Hercules continued to stare at me. Owen being Owen, he didn’t pay any attention at all; he continued taking food out of his bowl one bite at a time and then eating it.

“You have a perfectly good breakfast in front of you.” I rubbed the back of my neck. I already was a crazy cat lady. Someday, someone was going to catch me having a conversation with the cats and my secret would be out. Of course, as far secrets about the cats went, the fact that I talked to them like they were people was pretty tame compared to some of the other things I was hiding about them.

Deciding he’d won the stare-down, Herc dropped his head and started to eat.

I zipped around the little house, tidying up, while the cats had breakfast. Then I pulled on my boots and jacket and grabbed the broom to sweep away the snow that had drifted onto the back stoop.

Owen came up behind me and started down the side of the house. “I’m leaving in fifteen minutes,” I said. His ears twitched, which either meant he’d heard and would be back in time or he’d heard and was ignoring me.

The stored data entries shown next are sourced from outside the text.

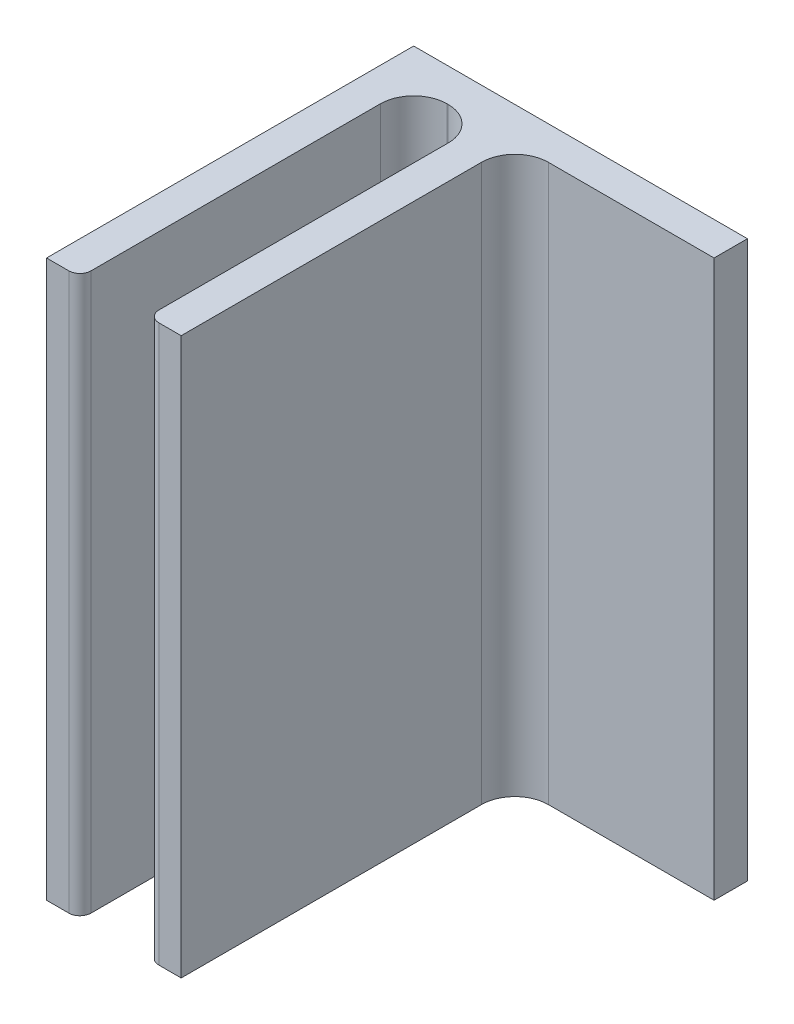
from build123d import *

# Parameters (mm, degrees)
SKETCH1_W           = 30
SKETCH1_H           = 50
BOSS_EXTRUDE1_DEPTH = 3
SKETCH2_W           = 3
SKETCH2_H           = 50
BOSS_EXTRUDE2_DEPTH = 30
FILLET2_R           = 3
FILLET3_R           = 1


with BuildPart() as part:
    # Sketch1 → Boss-Extrude1 (new body)
    with BuildSketch(Plane.XY):
        with Locations((15, 25)):
            Rectangle(SKETCH1_W, SKETCH1_H)
    extrude(amount=BOSS_EXTRUDE1_DEPTH)

    # Sketch2 → Boss-Extrude2 (add)
    with BuildSketch(Plane.XY.offset(3)):
        with Locations((1.5, 25)):
            Rectangle(SKETCH2_W, SKETCH2_H)
        with Locations((10.6, 25)):
            Rectangle(SKETCH2_W, SKETCH2_H)
    extrude(amount=BOSS_EXTRUDE2_DEPTH)

    # Fillet2
    fillet2_edges = [part.edges().sort_by_distance(p)[0] for p in [
        (12.1, 25, 3),
        (3, 25, 3),
        (9.1, 25, 3),
    ]]
    fillet(fillet2_edges, radius=FILLET2_R)

    # Fillet3
    fillet3_edges = [part.edges().sort_by_distance(p)[0] for p in [
        (9.1, 25, 33),
        (3, 25, 33),
    ]]
    fillet(fillet3_edges, radius=FILLET3_R)


solid = part.part
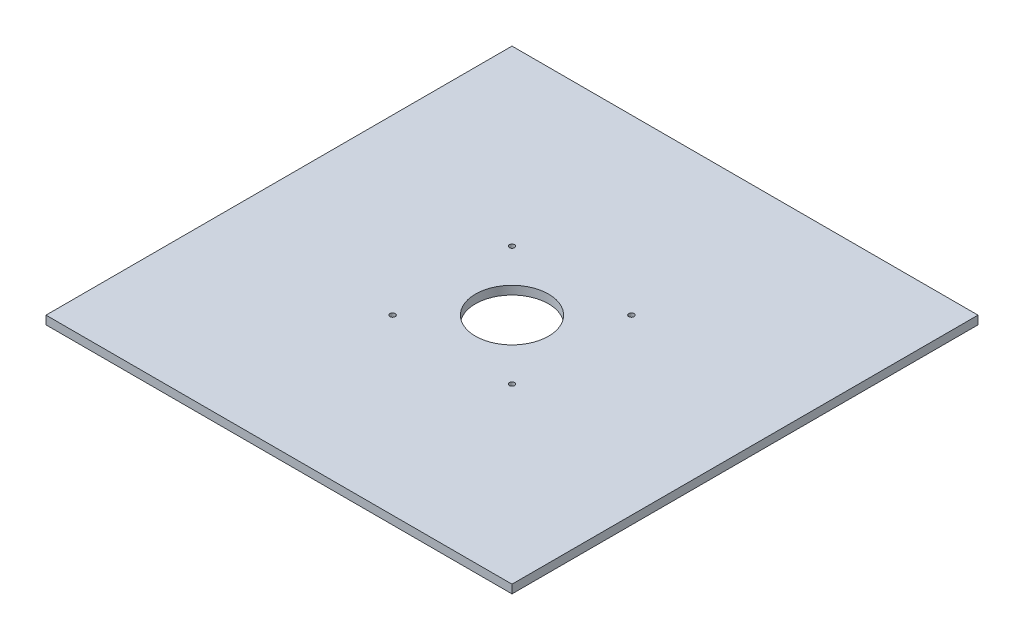
from build123d import *

# Parameters (mm, degrees)
SKETCH1_W               = 350
SKETCH1_H               = 350
BOSS_EXTRUDE1_DEPTH     = 6.35
CUT_EXTRUDE1_DEPTH      = 248.568823764
CUT_EXTRUDE1_DEPTH_BACK = 248.568823764
SKETCH2_R               = 1.984375
SKETCH2_R_2             = 27.432


with BuildPart() as part:
    # Sketch1 → Boss-Extrude1 (new body)
    with BuildSketch(Plane(origin=(0, 0, 0), x_dir=(1, 0, 0), z_dir=(0, 1, 0))):
        Rectangle(SKETCH1_W, SKETCH1_H)
    extrude(amount=BOSS_EXTRUDE1_DEPTH)

    # Sketch2 → Cut-Extrude1 (cut, two sides: drawn at the far end of the back side and taken through both)
    with BuildSketch(Plane(origin=(0, 6.35, 0), x_dir=(1, 0, 0), z_dir=(0, 1, 0)).offset(-CUT_EXTRUDE1_DEPTH_BACK)):
        with Locations((-44.8437, 44.8437)):
            Circle(SKETCH2_R)
        with Locations((44.8437, 44.8437)):
            Circle(SKETCH2_R)
        with Locations((-44.8437, -44.8437)):
            Circle(SKETCH2_R)
        with Locations((44.8437, -44.8437)):
            Circle(SKETCH2_R)
        Circle(SKETCH2_R_2)
    extrude(amount=CUT_EXTRUDE1_DEPTH + CUT_EXTRUDE1_DEPTH_BACK, mode=Mode.SUBTRACT)


solid = part.part
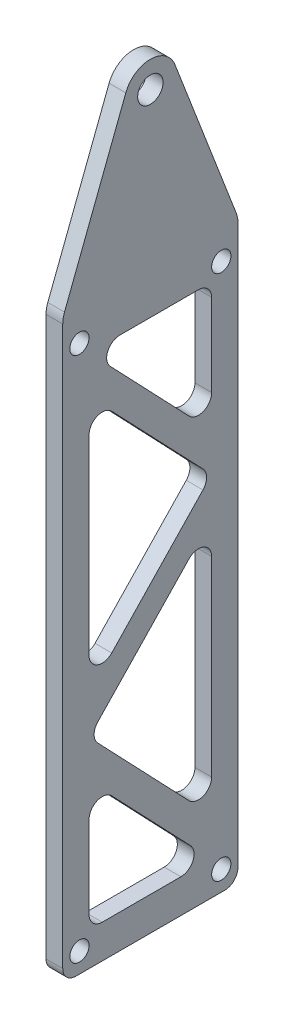
from build123d import *

# Parameters (mm, degrees)
SKETCH1_R           = 1.8288
SKETCH1_R_2         = 2.413
BOSS_EXTRUDE1_DEPTH = 3.175
SKETCH2_W           = 4.112404804
SKETCH2_H           = 141.223
CUT_EXTRUDE1_DEPTH  = 106.912542124
FILLET1_R           = 2.5
FILLET2_R           = 5


with BuildPart() as part:
    # Sketch1 → Boss-Extrude1 (new body)
    with BuildSketch(Plane(origin=(0, 0, 0), x_dir=(0, 0, -1), z_dir=(1, 0, 0))):
        Polygon((20.757404804, -103.81), (20.757404804, -5), (0, 48.916537522), (-20.757404804, -5), (-20.757404804, -103.81), align=None)
        with Locations((-13.4747, -100)):
            Circle(SKETCH1_R, mode=Mode.SUBTRACT)
        with Locations((13.4747, -100)):
            Circle(SKETCH1_R, mode=Mode.SUBTRACT)
        with Locations((0, 35)):
            Circle(SKETCH1_R_2, mode=Mode.SUBTRACT)
        with Locations((-13.4747, 0)):
            Circle(SKETCH1_R, mode=Mode.SUBTRACT)
        with Locations((13.4747, 0)):
            Circle(SKETCH1_R, mode=Mode.SUBTRACT)
    extrude(amount=BOSS_EXTRUDE1_DEPTH)

    # Sketch2 → Cut-Extrude1 (cut, through all)
    with BuildSketch(Plane(origin=(3.175, 0, 0), x_dir=(0, 0, -1), z_dir=(1, 0, 0))):
        Polygon((11.645, -2.5), (-11.645, -2.5), (11.645, -26.898674048), align=None)
        Polygon((-11.645, -9.741325952), (11.645, -34.14), (-11.645, -58.538674048), (-11.645, -34.14), align=None)
        Polygon((-11.645, -73.021325952), (-11.645, -97.42), (11.645, -97.42), align=None)
        Polygon((11.645, -41.381325952), (11.645, -65.78), (11.645, -90.178674048), (-11.645, -65.78), align=None)
        with Locations((-18.701202402, -33.1985)):
            Rectangle(SKETCH2_W, SKETCH2_H)
        with Locations((18.701202402, -33.1985)):
            Rectangle(SKETCH2_W, SKETCH2_H)
    extrude(amount=-CUT_EXTRUDE1_DEPTH, mode=Mode.SUBTRACT)

    # Fillet1
    fillet1_edges = [part.edges().sort_by_distance(p)[0] for p in [
        (1.5875, -97.42, -11.645),
        (1.5875, -90.178674048, -11.645),
        (1.5875, -41.381325952, -11.645),
        (1.5875, -73.021325952, 11.645),
        (1.5875, -97.42, 11.645),
        (1.5875, -65.78, 11.645),
        (1.5875, -58.538674048, 11.645),
        (1.5875, -34.14, -11.645),
        (1.5875, -9.741325952, 11.645),
        (1.5875, -2.5, 11.645),
        (1.5875, -26.898674048, -11.645),
        (1.5875, -2.5, -11.645),
        (1.5875, -103.81, 16.645),
        (1.5875, -103.81, -16.645),
    ]]
    fillet(fillet1_edges, radius=FILLET1_R)

    # Fillet2
    fillet2_edges = [part.edges().sort_by_distance(p)[0] for p in [
        (1.5875, 48.916537522, 0),
        (1.5875, 5.681808734, 16.645),
        (1.5875, 5.681808734, -16.645),
    ]]
    fillet(fillet2_edges, radius=FILLET2_R)


solid = part.part
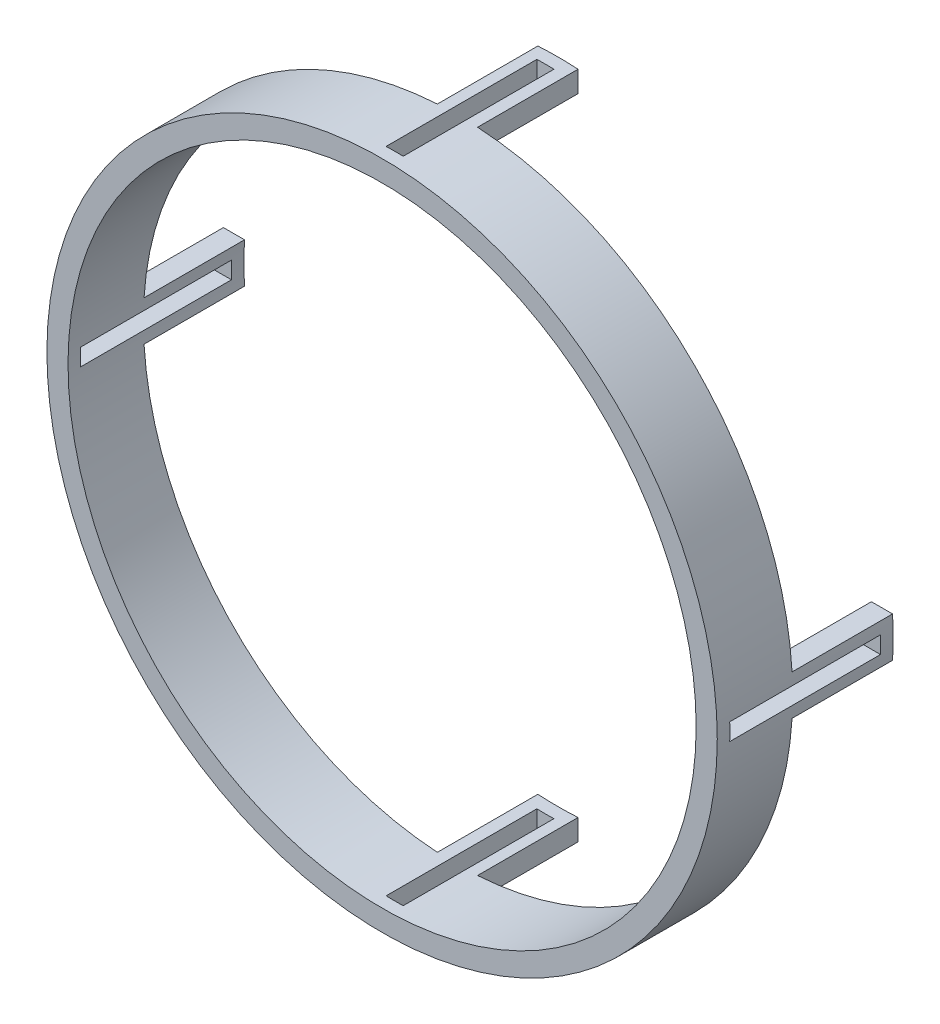
from build123d import *
from build123d.topology import SkipClean

# Parameters (mm, degrees)
SKETCH1_R           = 84.709
SKETCH1_R_2         = 79.375
BOSS_EXTRUDE1_DEPTH = 19.05
BOSS_EXTRUDE2_START = 25.4
BOSS_EXTRUDE2_DEPTH = 25.4
SKETCH2_W           = 4.318
SKETCH2_H           = 38.1
CUT_EXTRUDE1_DEPTH  = 123.459745884
CIRPATTERN1_COUNT   = 4


with BuildPart() as part:
    # Sketch1 → Boss-Extrude1 (new body)
    with BuildSketch(Plane.XY):
        Circle(SKETCH1_R)
        Circle(SKETCH1_R_2, mode=Mode.SUBTRACT)
    extrude(amount=BOSS_EXTRUDE1_DEPTH)

    # Sketch3 → Boss-Extrude2 (add)
    with SkipClean():  # the faces are left unmerged after this step: merging them gives an invalid solid
        with BuildSketch(Plane(origin=(0, 0, 0), x_dir=(-1, 0, 0), z_dir=(0, 0, -1)).offset(BOSS_EXTRUDE2_START)):
            with BuildLine():
                Line((-5.08, 79.212273197), (-5.08, 84.556538961))
                ThreePointArc((-5.08, 84.556538961), (0, 84.709), (5.08, 84.556538961))
                Line((5.08, 84.556538961), (5.08, 79.212273197))
                ThreePointArc((5.08, 79.212273197), (0, 79.375), (-5.08, 79.212273197))
            make_face()
            with BuildLine():
                Line((-5.08, -79.212273197), (-5.08, -84.556538961))
                ThreePointArc((-5.08, -84.556538961), (0, -84.709), (5.08, -84.556538961))
                Line((5.08, -84.556538961), (5.08, -79.212273197))
                ThreePointArc((5.08, -79.212273197), (0, -79.375), (-5.08, -79.212273197))
            make_face()
            with BuildLine():
                Line((79.212273197, -5.08), (84.556538961, -5.08))
                ThreePointArc((84.556538961, -5.08), (84.709, 0), (84.556538961, 5.08))
                Line((84.556538961, 5.08), (79.212273197, 5.08))
                ThreePointArc((79.212273197, 5.08), (79.375, 0), (79.212273197, -5.08))
            make_face()
            with BuildLine():
                Line((-79.212273197, 5.08), (-84.556538961, 5.08))
                ThreePointArc((-84.556538961, 5.08), (-84.709, 0), (-84.556538961, -5.08))
                Line((-84.556538961, -5.08), (-79.212273197, -5.08))
                ThreePointArc((-79.212273197, -5.08), (-79.375, 0), (-79.212273197, 5.08))
            make_face()
        extrude(amount=-BOSS_EXTRUDE2_DEPTH)

    # Sketch2 → Cut-Extrude1 (cut, through all)
    with SkipClean():  # the faces are left unmerged after this step: merging them gives an invalid solid
        with BuildSketch(Plane(origin=(0, 0, 0), x_dir=(1, 0, 0), z_dir=(0, 1, 0))):
            with Locations((0, 3.175)):
                Rectangle(SKETCH2_W, SKETCH2_H)
        cut_extrude1 = extrude(amount=-CUT_EXTRUDE1_DEPTH, mode=Mode.SUBTRACT)

    # CirPattern1: Cut-Extrude1 ×4 about axis
    with SkipClean():  # the faces are left unmerged after this step: merging them gives an invalid solid
        cirpattern1_axis = Axis((0, 0, 2.080715754), (0, 0, 1))
        for i in range(1, CIRPATTERN1_COUNT):
            add(cut_extrude1.rotate(cirpattern1_axis, i * 360 / CIRPATTERN1_COUNT), mode=Mode.SUBTRACT)


solid = part.part

Hercules sat by the door and watched while I brushed the stairs clear. “You need boots,” I said. “I bet the Grainery sells kitty boots.” The Grainery was where Rebecca bought Owen’s favorite catnip treat, Fred the Funky Chicken.

“They sell doggie sweaters.” Herc flicked his tail at me in the universal gesture that one didn’t have to understand cats to get. And then he turned and walked through the door. Literally through the door.

It still made my breath catch. I didn’t have a clue how he did it. In fact, the first time I’d seen him walk nonchalantly through an inch-and-a-half-thick wooden door at the library, I thought I was having hallucinations or even a stroke. Because cats can’t walk through doors or walls, can they?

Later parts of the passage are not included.